The limiting cable 2 can be a steel cable, has certain bending capacity and certain rigidity, and prevents the annular mass hammer 1 from impacting the fixing clamp 3 when moving. The viscoelastic layer 13 may use damping rubber.
An anti-collision insulating sleeve 4 is further arranged in the inner hole of the viscoelastic layer 13 in a penetrating mode, the outer diameter of the anti-collision insulating sleeve 4 is smaller than the hole diameter of the inner hole of the viscoelastic layer 13, and an annular gap is formed between the anti-collision insulating sleeve 4 and the viscoelastic layer 13. The length of the anti-collision insulating sleeve 4 is not less than the length of the inner hole of the annular mass hammer 1. The anti-collision insulating sleeve 4 comprises an insulating layer and a reinforcing layer which are distributed from inside to outside.
As shown in fig. 4, the above-mentioned conductor damper is mounted on the conductor 5 to form a conductor vibration suppressing structure. Two anti-collision insulating sleeves 4 are fixedly sleeved on the lead 5, and the two anti-collision insulating sleeves 4 are arranged at intervals. Each anti-collision insulating sleeve 4 is sleeved with an annular mass hammer 1, and the fixing clamp 3 is clamped on a lead 5 between the two annular mass hammers 1. The spacing cable 2 and the conducting wire 5 are spaced apart from each other.
When the lead 5 vibrates in any direction, the annular mass hammer 1 provides an opposite inertia force under the action of inertia, when the vibration amplitude is large, the inner side of the annular mass hammer 1 collides with the lead 5, so that the vibration is further suppressed, and the annular mass hammer 1 surrounds the lead, so that the vertical, transverse and torsional vibration of the lead 5 can be controlled. Energy consumption is achieved through collision between the annular mass hammer 1 and the conducting wire 5 and internal friction of the steel cable for hanging the annular mass hammer 1, and compared with a traditional damper, the energy consumption effect is improved.
In actual use, four working frequencies can be obtained by arranging two annular mass hammers 1 with different masses and changing the length of the steel cable, so that a better vibration control effect is achieved.
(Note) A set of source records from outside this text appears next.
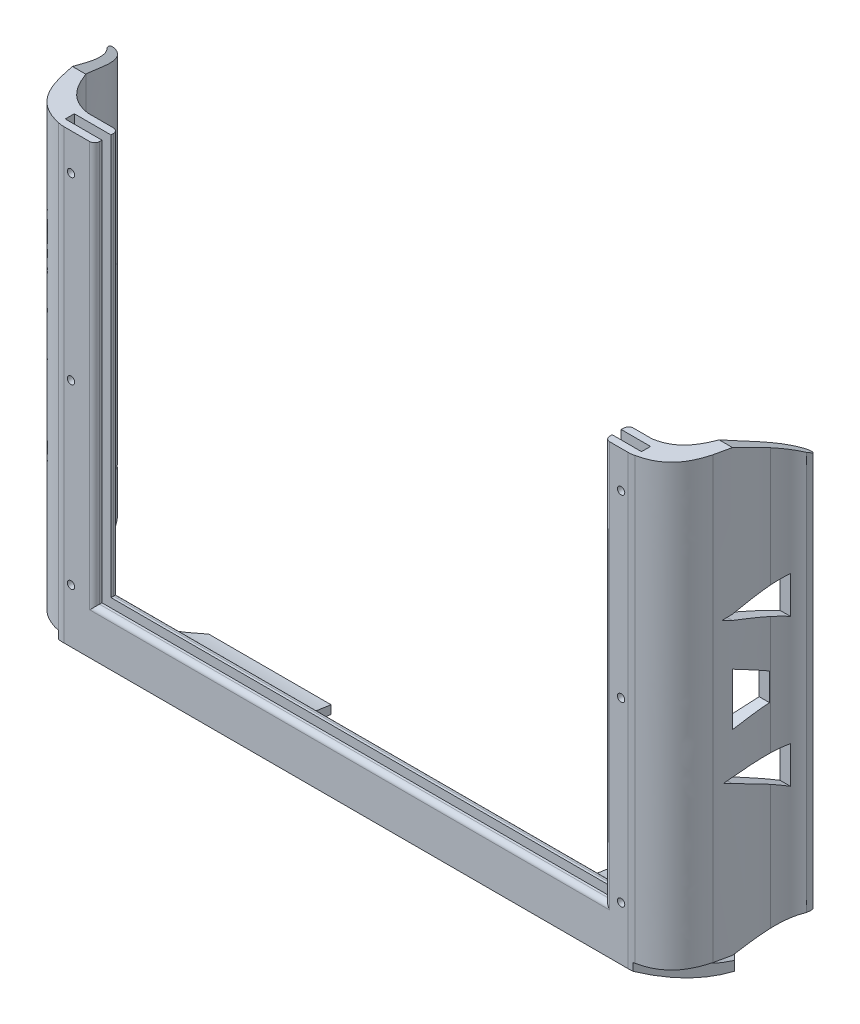
from build123d import *

# Parameters (mm, degrees)
SKETCH_1_W           = 235
SKETCH_1_H           = 175.89
EXTRUDE_1_DEPTH      = 3
SKETCH_2_W           = 235
SKETCH_2_H           = 3
EXTRUDE_2_DEPTH      = 4
SKETCH_3_W           = 235
SKETCH_3_H           = 3
EXTRUDE_3_DEPTH      = 7
SKETCH_5_W           = 235
SKETCH_5_H           = 3
CUT_EXTRUDE_2_DEPTH  = 0.3
EXTRUDE_4_DEPTH      = 0.35
EXTRUDE_5_DEPTH      = 0.35
SKETCH_8_W           = 9.7
SKETCH_8_H           = 179.89
EXTRUDE_6_DEPTH      = 3
SKETCH_9_W           = 9.7
SKETCH_9_H           = 179.89
EXTRUDE_7_DEPTH      = 3
SKETCH_10_W          = 3
SKETCH_10_H          = 176.89
EXTRUDE_8_DEPTH      = 235.7
SKETCH_11_W          = 208.7
SKETCH_11_H          = 163.89
CUT_EXTRUDE_4_DEPTH  = 153.160098334
EXTRUDE_9_DEPTH      = 179.89
FILLET_3_R           = 2
FILLET_4_R           = 2
FILLET_5_R           = 10
SKETCH_13_R          = 1.5
CUT_EXTRUDE_5_DEPTH  = 184.480476092
FILLET_6_R           = 10
FILLET_7_R           = 20
FILLET_8_R           = 0.7
EXTRUDE_10_DEPTH     = 179.89
FILLET_9_R           = 20
EXTRUDE_12_DEPTH     = 235
CUT_EXTRUDE_9_DEPTH  = 235
CUT_EXTRUDE_START    = -235
CUT_EXTRUDE_10_DEPTH = 235
SKETCH_22_W          = 115
SKETCH_22_H          = 25
CUT_EXTRUDE_11_DEPTH = 235
EXTRUDE_13_REACH     = 259.409
CUT_EXTRUDE_12_DEPTH = 235
EXTRUDE_14_REACH     = 259.409
CUT_EXTRUDE_13_DEPTH = 235
CUT_EXTRUDE_14_DEPTH = 235
CUT_EXTRUDE_START_2  = -31.099365542
CUT_EXTRUDE_18_DEPTH = 297.898731085
CUT_EXTRUDE_19_DEPTH = 237.996358915
CHAMFER_1_SIZE       = 10


# Read off the part's stored shape, not the designer's step: 切除-拉伸18
with BuildPart() as part:
    # 草图1 → 凸台-拉伸1 (new body)
    with BuildSketch(Plane.XY):
        Rectangle(SKETCH_1_W, SKETCH_1_H)
    extrude(amount=EXTRUDE_1_DEPTH)

    # 草图2 → 凸台-拉伸2 (add)
    with BuildSketch(Plane.XZ.offset(87.945)):
        with Locations((0, 1.5)):
            Rectangle(SKETCH_2_W, SKETCH_2_H)
    extrude(amount=EXTRUDE_2_DEPTH)

    # 草图3 → 凸台-拉伸3 (add)
    with BuildSketch(Plane.XY.offset(3)):
        with Locations((0, -90.445)):
            Rectangle(SKETCH_3_W, SKETCH_3_H)
    extrude(amount=EXTRUDE_3_DEPTH)

    # 草图5 → 切除-拉伸2 (cut)
    with BuildSketch(Plane.XY.offset(10)):
        with Locations((0, -90.445)):
            Rectangle(SKETCH_5_W, SKETCH_5_H)
    extrude(amount=-CUT_EXTRUDE_2_DEPTH, mode=Mode.SUBTRACT)

    # 草图6 → 凸台-拉伸4 (add)
    with BuildSketch(Plane(origin=(117.5, 0, 0), x_dir=(0, 0, -1), z_dir=(1, 0, 0))):
        Polygon((-9.7, -88.945), (-9.7, -91.945), (0, -91.945), (0, 87.945), (-3, 87.945), (-3, -88.945), align=None)
    extrude(amount=EXTRUDE_4_DEPTH)

    # 草图7 → 凸台-拉伸5 (add)
    with BuildSketch(Plane.ZY.offset(117.5)):
        Polygon((9.7, -91.945), (9.7, -88.945), (3, -88.945), (3, 87.945), (0, 87.945), (0, -91.945), align=None)
    extrude(amount=EXTRUDE_5_DEPTH)

    # 草图8 → 凸台-拉伸6 (add)
    with BuildSketch(Plane.ZY.offset(117.85)):
        with Locations((4.85, -2)):
            Rectangle(SKETCH_8_W, SKETCH_8_H)
    extrude(amount=EXTRUDE_6_DEPTH)

    # 草图9 → 凸台-拉伸7 (add)
    with BuildSketch(Plane(origin=(117.85, 0, 0), x_dir=(0, 0, -1), z_dir=(1, 0, 0))):
        with Locations((-4.85, -2)):
            Rectangle(SKETCH_9_W, SKETCH_9_H)
    extrude(amount=EXTRUDE_7_DEPTH)

    # 草图10 → 凸台-拉伸8 (add)
    with BuildSketch(Plane(origin=(-117.85, 0, 0), x_dir=(0, 0, -1), z_dir=(1, 0, 0))):
        with Locations((-8.2, -0.5)):
            Rectangle(SKETCH_10_W, SKETCH_10_H)
    extrude(amount=EXTRUDE_8_DEPTH)

    # 草图11 → 切除-拉伸4 (cut, through all)
    with BuildSketch(Plane(origin=(0, 0, 0), x_dir=(-1, 0, 0), z_dir=(0, 0, -1))):
        with Locations((-1.5, 6)):
            Rectangle(SKETCH_11_W, SKETCH_11_H)
    extrude(amount=-CUT_EXTRUDE_4_DEPTH, mode=Mode.SUBTRACT)

    # 草图12 → 凸台-拉伸9 (add)
    with BuildSketch(Plane(origin=(0, 87.945, 0), x_dir=(1, 0, 0), z_dir=(0, 1, 0))):
        Polygon((120.85, -9.7), (149.423934101, 34.3), (149.423934101, 44), (120.85, 0), align=None)
        Polygon((-120.85, 0), (-149.423934101, 44), (-149.423934101, 34.3), (-120.85, -9.7), align=None)
    extrude(amount=-EXTRUDE_9_DEPTH)

    # 圆角3
    fillet_3_edges = [part.edges().sort_by_distance(p)[0] for p in [
        (105.85, 6, 0),
        (1.5, -75.945, 0),
        (-102.85, 6, 0),
    ]]
    fillet(fillet_3_edges, radius=FILLET_3_R)

    # 圆角4
    fillet_4_edges = [part.edges().sort_by_distance(p)[0] for p in [
        (105.85, 6, 9.7),
        (-102.85, 6, 9.7),
        (1.5, -75.945, 9.7),
    ]]
    fillet(fillet_4_edges, radius=FILLET_4_R)

    # 圆角5
    fillet_5_edges = [part.edges().sort_by_distance(p)[0] for p in [
        (120.85, -2, 0),
        (-120.85, -2, 0),
    ]]
    fillet(fillet_5_edges, radius=FILLET_5_R)

    # 草图13 → 切除-拉伸5 (cut, through all)
    with BuildSketch(Plane.XY.offset(9.7)):
        with Locations((112.5, -0.445)):
            Circle(SKETCH_13_R)
        with Locations((-112.5, -0.445)):
            Circle(SKETCH_13_R)
        with Locations((112.5, -72.945)):
            Circle(SKETCH_13_R)
        with Locations((-112.5, -72.945)):
            Circle(SKETCH_13_R)
        with Locations((-112.5, 72.945)):
            Circle(SKETCH_13_R)
        with Locations((112.5, 72.945)):
            Circle(SKETCH_13_R)
    extrude(amount=-CUT_EXTRUDE_5_DEPTH, mode=Mode.SUBTRACT)

    # 圆角6
    fillet_6_edges = [part.edges().sort_by_distance(p)[0] for p in [
        (120.85, -2, 9.7),
        (-120.85, -2, 9.7),
    ]]
    fillet(fillet_6_edges, radius=FILLET_6_R)

    # 圆角7
    fillet_7_edges = [part.edges().sort_by_distance(p)[0] for p in [
        (149.423934101, -2, -34.3),
        (-149.423934101, -2, -34.3),
    ]]
    fillet(fillet_7_edges, radius=FILLET_7_R)

    # 圆角8
    fillet_8_edges = [part.edges().sort_by_distance(p)[0] for p in [
        (149.423934101, -2, -44),
        (-149.423934101, -2, -44),
    ]]
    fillet(fillet_8_edges, radius=FILLET_8_R)

    # 草图14 → 凸台-拉伸10 (add)
    with BuildSketch(Plane.XZ.offset(91.945)):
        with BuildLine():
            Line((123.807148683, 5.14639035), (146.19734546, -29.331489199))
            Line((146.19734546, -29.331489199), (126.807148683, 5.14639035))
            Line((126.807148683, 5.14639035), (120.192030606, 8.488171127))
            ThreePointArc((120.192030606, 8.488171127), (122.208450459, 7.043225094), (123.807148683, 5.14639035))
        make_face()
        with BuildLine():
            Line((-146.19734546, -29.331489199), (-123.807148683, 5.14639035))
            ThreePointArc((-123.807148683, 5.14639035), (-122.208450459, 7.043225094), (-120.192030606, 8.488171127))
            Line((-120.192030606, 8.488171127), (-126.807148683, 5.14639035))
            Line((-126.807148683, 5.14639035), (-146.19734546, -29.331489199))
        make_face()
    extrude(amount=-EXTRUDE_10_DEPTH)

    # 圆角9
    fillet_9_edges = [part.edges().sort_by_distance(p)[0] for p in [
        (126.807148683, -2, 5.14639035),
        (-126.807148683, -2, 5.14639035),
    ]]
    fillet(fillet_9_edges, radius=FILLET_9_R)

    # 草图15 → 凸台-拉伸12 (add)
    with BuildSketch(Plane(origin=(-117.85, 0, 0), x_dir=(0, 0, -1), z_dir=(1, 0, 0))):
        with BuildLine():
            Line((-9.7, -88.945), (-3, -88.945))
            add(Edge.make_bspline(
                [(-3, -88.945), (19.526886745, -111.923000939), (42.018086929, -113.900962364)],
                knots=[0, 0, 0, 0.738768562, 0.738768562, 0.738768562], degree=2))
            Line((42.018086929, -113.900962364), (42.018086929, -117.334480304))
            add(Edge.make_bspline(
                [(-9.692894648, -94.945), (20.068714734, -116.023054989), (42.018086929, -117.334480304)],
                knots=[0, 0, 0, 0.732582665, 0.732582665, 0.732582665], degree=2))
            Line((-9.692894648, -94.945), (-9.7, -94.945))
            Line((-9.7, -94.945), (-9.7, -88.945))
        make_face()
    extrude(amount=EXTRUDE_12_DEPTH)

    # 草图20 → 切除-拉伸9 (cut)
    with BuildSketch(Plane(origin=(0, -88.945, 0), x_dir=(1, 0, 0), z_dir=(0, 1, 0))):
        with BuildLine():
            Line((-117.85, -9.400373849), (-117.85, -9.7))
            Line((-117.85, -9.7), (-115.420443004, -9.7))
            ThreePointArc((-115.420443004, -9.7), (-116.644424522, -9.624810791), (-117.85, -9.400373849))
        make_face()
    extrude(amount=-CUT_EXTRUDE_9_DEPTH, mode=Mode.SUBTRACT)

    # 草图21 → 切除-拉伸10 (cut)
    with BuildSketch(Plane(origin=(0, -88.945, 0), x_dir=(1, 0, 0), z_dir=(0, 1, 0)).offset(CUT_EXTRUDE_START)):
        with BuildLine():
            Line((115.420443004, -9.7), (117.15, -9.7))
            Line((117.15, -9.7), (117.15, -9.549296046))
            ThreePointArc((117.15, -9.549296046), (116.28849817, -9.662252769), (115.420443004, -9.7))
        make_face()
    extrude(amount=CUT_EXTRUDE_10_DEPTH, mode=Mode.SUBTRACT)

    # 草图22 → 切除-拉伸11 (cut)
    with BuildSketch(Plane(origin=(0, -88.945, 0), x_dir=(1, 0, 0), z_dir=(0, 1, 0))):
        with Locations((-0.35, 29.518086929)):
            Rectangle(SKETCH_22_W, SKETCH_22_H)
    extrude(amount=-CUT_EXTRUDE_11_DEPTH, mode=Mode.SUBTRACT)

    # 凸台-拉伸13: up to this face of the body (flat: up to its plane)
    extrude_13_end = Plane(part.part.faces().sort_by_distance((132.918851184, -91.945, -13.258300004))[0])
    # 草图23 → 凸台-拉伸13 (add, up to the picked face)
    with BuildSketch(Plane(origin=(0, 87.945, 0), x_dir=(1, 0, 0), z_dir=(0, 1, 0)), mode=Mode.PRIVATE) as extrude_13_sk1:
        with BuildLine():
            Line((115.420443004, 0), (121.40521795, -1.091050521))
            Line((121.40521795, -1.091050521), (121.40521795, -5.560156289))
            Line((121.40521795, -5.560156289), (117.881975934, -9.392309097))
            add(Edge.make_bspline(
                [(117.881975934, -9.392309097), (143.309445023, -3.921155734), (127.878538817, 30.199204345), (148.949365443, 39.75614089)],
                knots=[0, 0, 0, 0, 1, 1, 1, 1], degree=3))
            add(Edge.make_bspline(
                [(115.420443004, 0), (137.483275863, 3.455963103), (126.195298106, 39.01849051), (148.949365443, 39.75614089)],
                knots=[0, 0, 0, 0, 1, 1, 1, 1], degree=3))
        make_face()
    extrude_13_tool1 = split(extrude(extrude_13_sk1.sketch, amount=-EXTRUDE_13_REACH, mode=Mode.PRIVATE), bisect_by=extrude_13_end, keep=Keep.BOTH, mode=Mode.PRIVATE)
    add(extrude_13_tool1.solids().sort_by(Axis((130.954103, 87.945, -12.051978), (0, -1, 0)))[0])

    # 草图24 → 切除-拉伸12 (cut)
    with BuildSketch(Plane(origin=(0, 87.945, 0), x_dir=(1, 0, 0), z_dir=(0, 1, 0)).offset(CUT_EXTRUDE_START)):
        with BuildLine():
            add(Edge.make_bspline(
                [(146.519921764, 39.528213148), (147.283857688, 39.651194333), (148.092472485, 39.728361795), (148.949365442, 39.756140891)],
                knots=[0.962341108, 0.962341108, 0.962341108, 0.962341108, 1, 1, 1, 1], degree=3))
            add(Edge.make_bspline(
                [(145.248730504, 37.570750264), (146.339481633, 38.395087447), (147.565724965, 39.128573473), (148.949365442, 39.756140891)],
                knots=[0.93433383, 0.93433383, 0.93433383, 0.93433383, 1, 1, 1, 1], degree=3))
            Line((145.248730504, 37.570750264), (137.794188972, 26.091762938))
            add(Edge.make_bspline(
                [(133.560005412, 6.860923634), (135.235681248, 13.035951619), (135.853715624, 19.991949083), (137.794188972, 26.091762938)],
                knots=[0.388915738, 0.388915738, 0.388915738, 0.388915738, 0.702262243, 0.702262243, 0.702262243, 0.702262243], degree=3))
            Line((133.560005412, 6.860923634), (146.19734546, 29.331489199))
            ThreePointArc((146.19734546, 29.331489199), (148.600328798, 34.543963005), (149.423934101, 40.224269899))
            Line((149.423934101, 40.224269899), (149.423934101, 41.636839604))
            ThreePointArc((149.423934101, 41.636839604), (148.922744842, 42.308013419), (148.136864703, 42.018086929))
            Line((148.136864703, 42.018086929), (146.519921764, 39.528213148))
        make_face()
        with BuildLine():
            add(Edge.make_bspline(
                [(122.096609477, 2.55494787), (125.743241606, 5.055088949), (127.894744192, 8.979793722), (129.526389128, 13.36046763)],
                knots=[0.121285772, 0.121285772, 0.121285772, 0.121285772, 0.364975533, 0.364975533, 0.364975533, 0.364975533], degree=3))
            Line((129.526389128, 13.36046763), (123.807148683, 4.55360965))
            ThreePointArc((123.807148683, 4.55360965), (123.01788939, 3.497784347), (122.096609477, 2.55494787))
        make_face()
    extrude(amount=CUT_EXTRUDE_12_DEPTH, mode=Mode.SUBTRACT)

    # 凸台-拉伸14: up to this face of the body (flat: up to its plane)
    extrude_14_end = Plane(part.part.faces().sort_by_distance((-133.208698485, -91.945, -13.596287992))[0])
    # 草图26 → 凸台-拉伸14 (add, up to the picked face)
    with BuildSketch(Plane(origin=(0, 87.945, 0), x_dir=(1, 0, 0), z_dir=(0, 1, 0)), mode=Mode.PRIVATE) as extrude_14_sk1:
        with BuildLine():
            Line((121.40521795, -5.560156289), (117.881975934, -9.392309097))
            add(Edge.make_bspline(
                [(117.881975934, -9.392309097), (143.309445023, -3.921155734), (127.878538817, 30.199204345), (148.949365443, 39.75614089)],
                knots=[0, 0, 0, 0, 1, 1, 1, 1], degree=3))
            add(Edge.make_bspline(
                [(148.949365443, 39.75614089), (126.195298106, 39.01849051), (137.483275863, 3.455963103), (115.420443004, 0)],
                knots=[0, 0, 0, 0, 1, 1, 1, 1], degree=3))
            Line((115.420443004, 0), (121.40521795, -1.091050521))
            Line((121.40521795, -1.091050521), (121.40521795, -5.560156289))
        make_face()
    extrude_14_tool1 = split(extrude(extrude_14_sk1.sketch, amount=-EXTRUDE_14_REACH, mode=Mode.PRIVATE), bisect_by=extrude_14_end, keep=Keep.BOTH, mode=Mode.PRIVATE)
    # 草图26 → 凸台-拉伸14 (add, up to the picked face)
    with BuildSketch(Plane(origin=(0, 87.945, 0), x_dir=(1, 0, 0), z_dir=(0, 1, 0)), mode=Mode.PRIVATE) as extrude_14_sk2:
        with BuildLine():
            Line((-115.420443004, 0), (-121.40521795, -1.091050521))
            Line((-121.40521795, -1.091050521), (-121.40521795, -5.560156289))
            Line((-121.40521795, -5.560156289), (-117.881975934, -9.392309097))
            add(Edge.make_bspline(
                [(-117.881975934, -9.392309097), (-143.309445023, -3.921155734), (-127.878538817, 30.199204345), (-148.949365443, 39.75614089)],
                knots=[0, 0, 0, 0, 1, 1, 1, 1], degree=3))
            add(Edge.make_bspline(
                [(-148.949365443, 39.75614089), (-126.195298106, 39.01849051), (-137.483275863, 3.455963103), (-115.420443004, 0)],
                knots=[0, 0, 0, 0, 1, 1, 1, 1], degree=3))
        make_face()
    extrude_14_tool2 = split(extrude(extrude_14_sk2.sketch, amount=-EXTRUDE_14_REACH, mode=Mode.PRIVATE), bisect_by=extrude_14_end, keep=Keep.BOTH, mode=Mode.PRIVATE)
    add(extrude_14_tool1.solids().sort_by(Axis((130.954103, 87.945, -12.051978), (0, -1, 0)))[0])
    add(extrude_14_tool2.solids().sort_by(Axis((-130.954103, 87.945, -12.051978), (0, -1, 0)))[0])

    # 草图27 → 切除-拉伸13 (cut)
    with BuildSketch(Plane(origin=(0, 87.945, 0), x_dir=(1, 0, 0), z_dir=(0, 1, 0)).offset(CUT_EXTRUDE_START)):
        with BuildLine():
            Line((-137.794188972, 26.091762938), (-145.248730504, 37.570750264))
            add(Edge.make_bspline(
                [(-145.248730504, 37.570750264), (-146.339481633, 38.395087447), (-147.565724965, 39.128573473), (-148.949365443, 39.75614089)],
                knots=[0.93433383, 0.93433383, 0.93433383, 0.93433383, 1, 1, 1, 1], degree=3))
            add(Edge.make_bspline(
                [(-148.949365443, 39.75614089), (-148.092472485, 39.728361795), (-147.283857688, 39.651194332), (-146.519921764, 39.528213148)],
                knots=[0, 0, 0, 0, 0.037658892, 0.037658892, 0.037658892, 0.037658892], degree=3))
            Line((-146.519921764, 39.528213148), (-148.136864703, 42.018086929))
            ThreePointArc((-148.136864703, 42.018086929), (-148.922744842, 42.308013419), (-149.423934101, 41.636839604))
            Line((-149.423934101, 41.636839604), (-149.423934101, 40.224269899))
            ThreePointArc((-149.423934101, 40.224269899), (-148.600328798, 34.543963005), (-146.19734546, 29.331489199))
            Line((-146.19734546, 29.331489199), (-133.560005412, 6.860923634))
            add(Edge.make_bspline(
                [(-133.560005412, 6.860923634), (-135.235681248, 13.035951619), (-135.853715624, 19.991949083), (-137.794188972, 26.091762938)],
                knots=[0.388915738, 0.388915738, 0.388915738, 0.388915738, 0.702262243, 0.702262243, 0.702262243, 0.702262243], degree=3))
        make_face()
        with BuildLine():
            Line((-123.807148683, 4.55360965), (-129.526389128, 13.36046763))
            add(Edge.make_bspline(
                [(-129.526389128, 13.36046763), (-127.894744192, 8.979793722), (-125.743241606, 5.055088949), (-122.096609477, 2.55494787)],
                knots=[0.635024467, 0.635024467, 0.635024467, 0.635024467, 0.878714228, 0.878714228, 0.878714228, 0.878714228], degree=3))
            ThreePointArc((-122.096609477, 2.55494787), (-123.01788939, 3.497784347), (-123.807148683, 4.55360965))
        make_face()
    extrude(amount=CUT_EXTRUDE_13_DEPTH, mode=Mode.SUBTRACT)

    # 草图28 → 切除-拉伸14 (cut)
    with BuildSketch(Plane(origin=(0, -88.945, 0), x_dir=(1, 0, 0), z_dir=(0, 1, 0))):
        Polygon((-46.533330053, 8.2738522), (-43.283330053, 17.018086929), (-49.783330053, 17.018086929), align=None)
        Polygon((-36.033330053, 8.2738522), (-32.783330053, 17.018086929), (-39.283330053, 17.018086929), align=None)
        Polygon((-25.533330053, 8.2738522), (-22.283330053, 17.018086929), (-28.783330053, 17.018086929), align=None)
        Polygon((-15.033330053, 8.2738522), (-11.783330053, 17.018086929), (-18.283330053, 17.018086929), align=None)
        Polygon((-4.533330053, 8.2738522), (-1.283330053, 17.018086929), (-7.783330053, 17.018086929), align=None)
        Polygon((5.966669947, 8.2738522), (9.216669947, 17.018086929), (2.716669947, 17.018086929), align=None)
        Polygon((16.466669947, 8.2738522), (19.716669947, 17.018086929), (13.216669947, 17.018086929), align=None)
        Polygon((26.966669947, 8.2738522), (30.216669947, 17.018086929), (23.716669947, 17.018086929), align=None)
        Polygon((47.966669947, 8.2738522), (51.216669947, 17.018086929), (44.716669947, 17.018086929), align=None)
        Polygon((-84.767070312, 17.018086929), (-77.011440675, 32.2820979), (-99.611798313, 32.2820979), (-90.932929688, 17.018086929), align=None)
        Polygon((-87.676810601, 11.291368433), (-84.767070312, 17.018086929), (-90.932929688, 17.018086929), align=None)
        Polygon((99.611798313, 32.2820979), (77.011440675, 32.2820979), (84.767070312, 17.018086929), (90.932929688, 17.018086929), align=None)
        Polygon((90.932929688, 17.018086929), (84.767070312, 17.018086929), (87.676810601, 11.291368433), align=None)
        Polygon((37.466669947, 8.2738522), (40.716669947, 17.018086929), (34.216669947, 17.018086929), align=None)
    extrude(amount=-CUT_EXTRUDE_14_DEPTH, mode=Mode.SUBTRACT)

    # 切除-拉伸18 outline → 切除-拉伸18 (cut)
    with BuildSketch(Plane.ZY.offset(-117.85).offset(CUT_EXTRUDE_START_2)):
        Polygon((-57.885543859, -105.60694114), (-13.36046763, -91.945), (-39.528213148, -82.431801128), (-39.528213148, 77.607543025), (-13.36046763, 87.945), (-13.36046763, 107.482295686), (-57.885543859, 136.889010788), (-67.268329543, 29.572987265), align=None)
        Polygon((-31.831256601, -23.53362652), (-31.831256601, -38.660230374), (-13.36046763, -31.145984748), (-10.248107799, -29.836755538), (-13.36046763, -28.825018873), align=None)
        Polygon((-31.831256601, 36.68592538), (-31.831256601, 21.526552369), (-13.36046763, 26.707273922), (-9.691882515, 28.103073011), (-13.36046763, 28.918281404), align=None)
        Polygon((-25.814055352, 3.929101955), (-25.814055352, -7.304779227), (-13.36046763, -12.003343681), (-13.36046763, 9.431829249), align=None)
    extrude(amount=CUT_EXTRUDE_18_DEPTH, mode=Mode.SUBTRACT)

    # 草图31 → 切除-拉伸19 (cut, through all)
    with BuildSketch(Plane.XZ.offset(91.945)):
        with BuildLine():
            Line((137.723620817, -41.230855029), (145.187307416, -42.670603002))
            Line((145.187307416, -42.670603002), (143.453337962, -35.184175784))
            Line((143.453337962, -35.184175784), (143.051302811, -35.60845111))
            add(Edge.make_bspline(
                [(143.051302811, -35.60845111), (145.024763967, -38.956446124), (141.191600235, -37.571030532)],
                knots=[0, 0, 0, 1, 1, 1], degree=2))
            Line((141.191600235, -37.571030532), (137.723620817, -41.230855029))
        make_face()
        with BuildLine():
            Line((-144.035610852, -35.759543729), (-145.539862047, -42.152446697))
            Line((-145.539862047, -42.152446697), (-139.676612015, -40.427877279))
            Line((-139.676612015, -40.427877279), (-141.936079482, -38.008067554))
            add(Edge.make_bspline(
                [(-141.936079482, -38.008067554), (-145.59372144, -39.370509128), (-143.631839656, -36.191968396)],
                knots=[0, 0, 0, 1, 1, 1], degree=2))
            Line((-143.631839656, -36.191968396), (-144.035610852, -35.759543729))
        make_face()
    extrude(amount=-CUT_EXTRUDE_19_DEPTH, mode=Mode.SUBTRACT)


with BuildPart() as cut_extrude_19_kept_piece:
    # of the separate pieces the step leaves, the one the design keeps (cut_extrude_19_pieces_kept)
    add(part.part.solids().sort_by_distance((133.560005412, 87.945, -6.860923634))[0])

    # 倒角1
    chamfer_1_edges = [cut_extrude_19_kept_piece.edges().sort_by_distance(p)[0] for p in [
        (-117.85, -115.617721334, -42.018086929),
        (117.15, -115.617721334, -42.018086929),
    ]]
    chamfer(chamfer_1_edges, length=CHAMFER_1_SIZE)


solid = cut_extrude_19_kept_piece.part

Finally, it should be noted that the above-mentioned description is only a preferred embodiment of the present invention, and those skilled in the art can make various similar representations without departing from the spirit and scope of the present invention.
Claims (8)
1. A multi-direction wire that suppresses shakes structure that suppresses, its characterized in that: the wire clamp comprises an annular mass hammer (1) and a wire (5), wherein a viscoelastic layer (13) covers an inner hole of the annular mass hammer (1), the annular mass hammer (1) is also provided with a fixing clamp (3), the fixing clamp (3) is connected with the annular mass hammer (1) through a limiting cable (2), a wire clamp hole (31) is formed in the fixing clamp (3), and the wire clamp hole (31) is opposite to the inner hole of the annular mass hammer (1) so as to be used for penetrating the wire (5);
the fixing clamp (3) is clamped on the lead (5);
still wear to be equipped with crashproof insulating cover (4) in the hole of viscoelasticity layer (13), the external diameter of this crashproof insulating cover (4) is less than the hole aperture of viscoelasticity layer (13), this crashproof insulating cover (4) with form annular gap between viscoelasticity layer (13), this crashproof insulating cover (4) fixed cover is located on wire (5).
2. The multi-directional vibration suppressing wire vibration suppressing structure according to claim 1, wherein: annular quality hammer (1) has two, two the hole of annular quality hammer (1) is just right, two annular quality hammer (1) divide and lie in fixation clamp (3) both sides, two annular quality hammer (1) pass through respectively spacing cable (2) with fixation clamp (3) are connected.
3. The multi-directional vibration suppressing wire vibration suppressing structure according to claim 2, wherein: two ends of the limiting cable (2) are respectively connected with one annular mass hammer (1), and the limiting cable (2) is arranged along the direction parallel to the hole center lines of the two annular mass hammers (1);
the middle part of the limiting cable (2) is provided with the fixing clamp (3).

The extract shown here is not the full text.